Certainly, the obscene auction prices in recent years have made dollar value and aesthetic value synonymous. But I believe it’s dangerous to equate success as an artist with money and sales. My definition of success is that I am still curious about making art. Simple as that. For me, the work is the focus. It’s certainly validating to have your work recognized and sold in that market, but the (any) art world and its trends shouldn’t figure into the making of it.
Anything coming up that we should know about?
I’m currently working on new paintings for a solo exhibition in Mexico in April, 2023. Titled The Poetics of Form, it was curated for five artists with similar aesthetics, but presenting individual bodies of work. In late October, I’m heading just a few hours by bus to a writing residency.

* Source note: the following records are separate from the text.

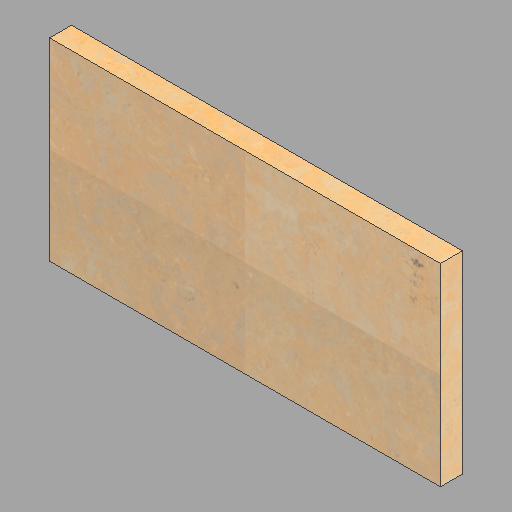
# Autodesk Inventor part: 10 - panel - 214
Saved by Autodesk Inventor 2023 (Build 270158000, 158)
## iProperties
RuleStatus: InUse
Created: 2022-03-21
Part Number: 10 - panel - 214
Material: Granite, Cut, Polished
Document SubType Name: Modeling
Designer: awelt
Mass: 55562.1 g
Surface Area: 9475.99 cm^2
Volume: 20578.6 cm^3
Density: 2.7 g/cm^3
Appearance: Amber Select
AfterDocSave0: Convert in3 volume to ft3
in3 to ft3: 0.73
TEST: 0.727
Author: awelt
Autodesk Inventor part; units mm, degrees
ref_plane "YZ Plane" through (0, 0, 0) normal (1, 0, 0) x (0, 1, 0)
ref_plane "XZ Plane" through (0, 0, 0) normal (0, 1, 0) x (-1, 0, 0)
ref_plane "XY Plane" through (0, 0, 0) normal (0, 0, 1) x (1, 0, 0)
sketch "Sketch1" plane through (0, 0, 0) normal (0, 0, 1) x (1, 0, 0)
  line L0 (-452.4375, 223.8375) -> (452.4375, 223.8375)
  line L1 (452.4375, 223.8375) -> (452.4375, -223.8375)
  line L2 (452.4375, -223.8375) -> (-452.4375, -223.8375)
  line L3 (-452.4375, -223.8375) -> (-452.4375, 223.8375)
  line L4 (-452.4375, 223.8375) -> (452.4375, -223.8375) construction
  line L5 (452.4375, 223.8375) -> (-452.4375, -223.8375) construction
  point P0 (0, 0)
  dimension "d0" = 904.875
  dimension "d1" = 447.675
  constraints: 12 end point, 2 midpoint, 2 parallel, 1 horizontal, 1 perpendicular
  measures "d0" distance of L1.end L2.end
  measures "d1" distance of L0.end L1.end
extrude "Extrusion1" add sketch "Sketch1" along normal blind 50.8
body "Solid1"

What does wellbeing mean to you and anything in particular that you practice?
Ever since I was a kid, the measure of “well-being” was directly related to worry. If I had nothing to worry about that day or that week, I felt free. There was space in my head to daydream, create, get lost in, instead of repeated thoughts that went nowhere. I have no car where I live and I walk a lot. Walking creates that same kind of space or feeling of wellness for me. Yoga and meditation have always figured into my life as well, but honestly, I find painting to have the same effect. For sure, if circumstances prevent me from painting for a while, I start to feel unwell.
Is there anything else you’d like to share?
I’m pleasantly surprised at how making art at this time in my life is even richer than when I was younger. It feels more liberating and confident. I’m not as ambitious in terms of sales or another line on my resume as I used to be and I can relax into the work and follow where it takes me without an agenda. The act is its own reward.